If welfare were as generous as government programs that have worked, as open in spirit, as kindly in tone, as undemanding, mightn't they have sometimes worked incredible wonders, and couldn't those wonders have been duplicated elsewhere?

Isn't the lesson that stinginess, more often than not, is the ultimate wastefulness? Now we will get to see more of it, in 50 different varieties.

August 26, 1996

With Clinton's signature on the welfare "reform" bill, the law of the land is now that welfare recipients must carry their own weight like everyone else, doing the important work that needs to be done. So now it's time to wonder just what that work might be.

Fortunately, high executives of the Coca Cola company, all well paid, have just shown us. After toiling for months, they finally won over the chief soda bottler in Venezuela to their side. In one blow, Coke takes over the lion's of that country's cola market from its previous holder, Pepsi. Surely we can all breathe a sigh of relief at this news.

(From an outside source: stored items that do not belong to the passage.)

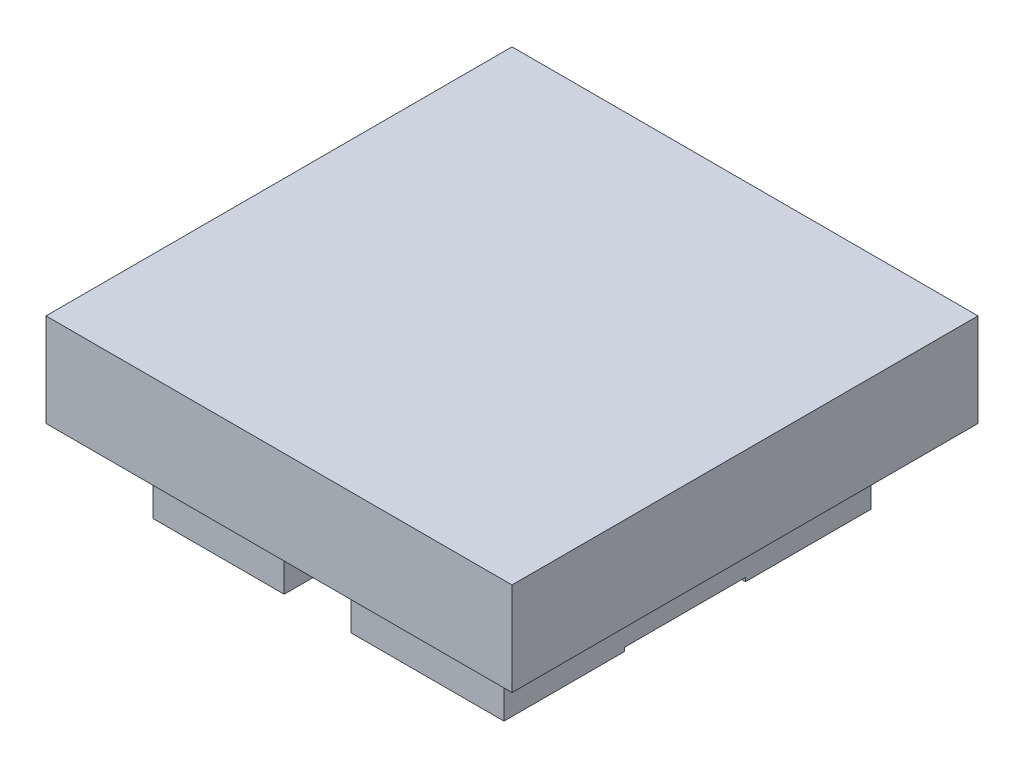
from build123d import *

# Parameters (mm, degrees)
ESQUISSE1_W             = 250
ESQUISSE1_H             = 50
BOSS_EXTRU_1_DEPTH      = 250
ESQUISSE2_W             = 70.34274314
ESQUISSE2_H             = 196.85846821
ESQUISSE2_W_2           = 81.982189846
BOSS_EXTRU_2_DEPTH      = 40
ESQUISSE3_W             = 344.628835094
ESQUISSE3_H             = 64.776051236
ENL_V_MAT_EXTRU_1_DEPTH = 2
BOSS_EXTRU_3_DEPTH      = 1
BOSS_EXTRU_3_DEPTH_BACK = 12
ESQUISSE4_W             = 58.197233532
ESQUISSE4_H             = 40.485032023
ESQUISSE4_W_2           = 8.603069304
ESQUISSE4_H_2           = 16.700075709
ESQUISSE4_W_3           = 24.797082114
ESQUISSE4_H_3           = 8.350037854
ESQUISSE4_H_4           = 9.615195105


with BuildPart() as part:
    # Esquisse1 → Boss.-Extru.1 (new body)
    with BuildSketch(Plane.XY):
        with Locations((125, 25)):
            Rectangle(ESQUISSE1_W, ESQUISSE1_H)
    extrude(amount=BOSS_EXTRU_1_DEPTH)

    # Esquisse2 → Boss.-Extru.2 (add)
    with BuildSketch(Plane.XZ):
        with Locations((68.067923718, 127.024251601)):
            Rectangle(ESQUISSE2_W, ESQUISSE2_H)
        with Locations((180.160856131, 127.024251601)):
            Rectangle(ESQUISSE2_W_2, ESQUISSE2_H)
    extrude(amount=BOSS_EXTRU_2_DEPTH)

    # Esquisse3 → Enl_v. mat.-Extru.1 (cut)
    with BuildSketch(Plane.XZ.offset(40)):
        with Locations((98.431697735, 128.289408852)):
            Rectangle(ESQUISSE3_W, ESQUISSE3_H)
    extrude(amount=-ENL_V_MAT_EXTRU_1_DEPTH, mode=Mode.SUBTRACT)

    # Esquisse4 → Boss.-Extru.3 (add, two sides: drawn at the far end of the back side and taken through both)
    with BuildSketch(Plane.XZ.offset(40).offset(-BOSS_EXTRU_3_DEPTH_BACK)):
        with Locations((180.413887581, 191.547271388)):
            Rectangle(ESQUISSE4_W, ESQUISSE4_H)
        with Locations((205.210969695, 145.242516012)):
            Rectangle(ESQUISSE4_W_2, ESQUISSE4_H_2)
        with Locations((69.080049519, 141.067497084)):
            Rectangle(ESQUISSE4_W_3, ESQUISSE4_H_3)
        with Locations((69.080049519, 127.530314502)):
            Rectangle(ESQUISSE4_W_3, ESQUISSE4_H_4)
    extrude(amount=BOSS_EXTRU_3_DEPTH + BOSS_EXTRU_3_DEPTH_BACK)


solid = part.part

On the theory that what is highly valued is highly paid, which is how the market is supposed to operate, this was a highly valuable piece of work by all concerned.

Welfare recipients sitting on your duffs, take note. Make a difference, Get to work. Figure out whose turf you can raid. Wages for gang warfare? Why not? In truth, a high and growing proportion of "work" today is of at least as dubious benefit to the rest of us as the Coke coup. Nostalgic moralizers who manage to dominate the public discussion of this issue are just hiding reality from us.

It's a whole new economy, stupid!

 

August 22, 1996

Which is more important: the discovery of life on Mars (if true) or the discovery of thoughtful, compassionate action toward us on the part of our fellow creatures (gorillas) here on earth (if true)? Which has been better confirmed?

August 16, 1996

After last night's GOP acceptance speeches, we now know the difference between Republicans and Democrats: Republicans are completely insane; Democrats still partly sane.(For one reason, see Viewpoint.)